Kapitel 5a
Nachdenklich starrte Ruby durch die Gegend. Durch das wenige Mondlicht, welches durch einen kleinen Spalt in der Plane hereindrang, war es wenigstens nicht komplett dunkel.
Nach dem Abendessen, oder bei ihr besser gesagt nach dem Küchendienst, den sie als Strafe noch hatte ablegen müssen, waren sie wie üblich in ihre Zelte geschickt worden. Doch sie fand keinen Schlaf. Er schien sie absichtlich zu meiden. Unruhig wälzte sie sich hin und her, aber das machte sie eher wacher als alles andere.
Prüfend warf sie einen Blick auf die zwei Betten neben ihr. Alina und Kayra schliefen schon. Leise setzte sie sich in ihrer Holzpritsche auf und trat vorsichtig auf den kühlen Boden. Die Erde fühlte sich vertraut unter ihren nackten Füßen an.
Auf leisen Sohlen tappte sie zum Eingang und schlüpfte schnell hindurch, bevor sie noch jemand sah. Draußen spähte sie einmal kurz nach links und rechts, um sicher zu gehen, dass kein Wächter in der Nähe war. Danach schlich sie um das kleine Zelt herum und ging in den dunklen Wald hinein. Die Bäume warfen lange Schatten, während sie sich in geduckter Haltung ihren Weg durch sie hindurch suchte. Immer tiefer drang sie in den Wald hinein.
Sicherheitshalber mit Schwert und Bogen über dem Rücken hängend. Ihr kleines Messer war wie immer an einer Schnalle um ihr Fußgelenk befestigt. Als sie sich ein paar Schritte vom Lager entfernt hatte, beruhigte sie sich allmählich. Hier würde sie niemand mehr erwischen können. Auf leisen Füßen schlenderte sie weiter. Immer ein bestimmtes Ziel vor Augen.
Still war es hier nie. Auch nachts schlief die Tierwelt nicht. Auch wenn die meisten die Menschen mieden, gab es doch ein paar gefährlichere, wie den Sinkal. Es gab sogar Legenden über Dämonen, die in der Vollmondnacht ihr Unwesen trieben. Aber heute war erst Halbmond.
Über Äste und Wurzeln laufend, kam Ruby nach einer Weile bei einem umgekippten Baum an. Er war größtenteils von weichem Moos überwuchert und beherbergte hinter ihm eine herrliche Stelle, die gut mit dem grünen Zeug ausgepolstert war. Schnell stieg sie über den Stamm hinweg und lehnte sich auf der gegenüberliegenden Seite an ihn. So war sie gut geschützt.

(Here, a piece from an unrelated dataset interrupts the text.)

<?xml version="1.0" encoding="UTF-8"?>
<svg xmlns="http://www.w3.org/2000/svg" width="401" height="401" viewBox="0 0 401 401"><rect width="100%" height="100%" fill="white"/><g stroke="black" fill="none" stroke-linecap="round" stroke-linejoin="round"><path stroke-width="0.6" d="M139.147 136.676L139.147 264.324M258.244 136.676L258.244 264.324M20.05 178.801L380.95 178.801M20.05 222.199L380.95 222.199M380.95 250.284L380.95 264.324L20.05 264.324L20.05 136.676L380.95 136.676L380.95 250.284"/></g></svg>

Nachdenklich blieb sie sitzen und ließ die Eindrücke der Natur auf sich einwirken. Die Eulen, die durch die Nacht schuhuten, das gelegentliche Knacken eines Astes, das pfeifende Geräusch des Windes. Der Wald war nachts wach. Ruby liebte es. Entspannt schnappte sie sich einen in der Nähe liegenden, dünnen Ast. Sie drehte das gerade Stück Holz einmal kurz in den Händen und begann dann ihr Messer hervorzukramen.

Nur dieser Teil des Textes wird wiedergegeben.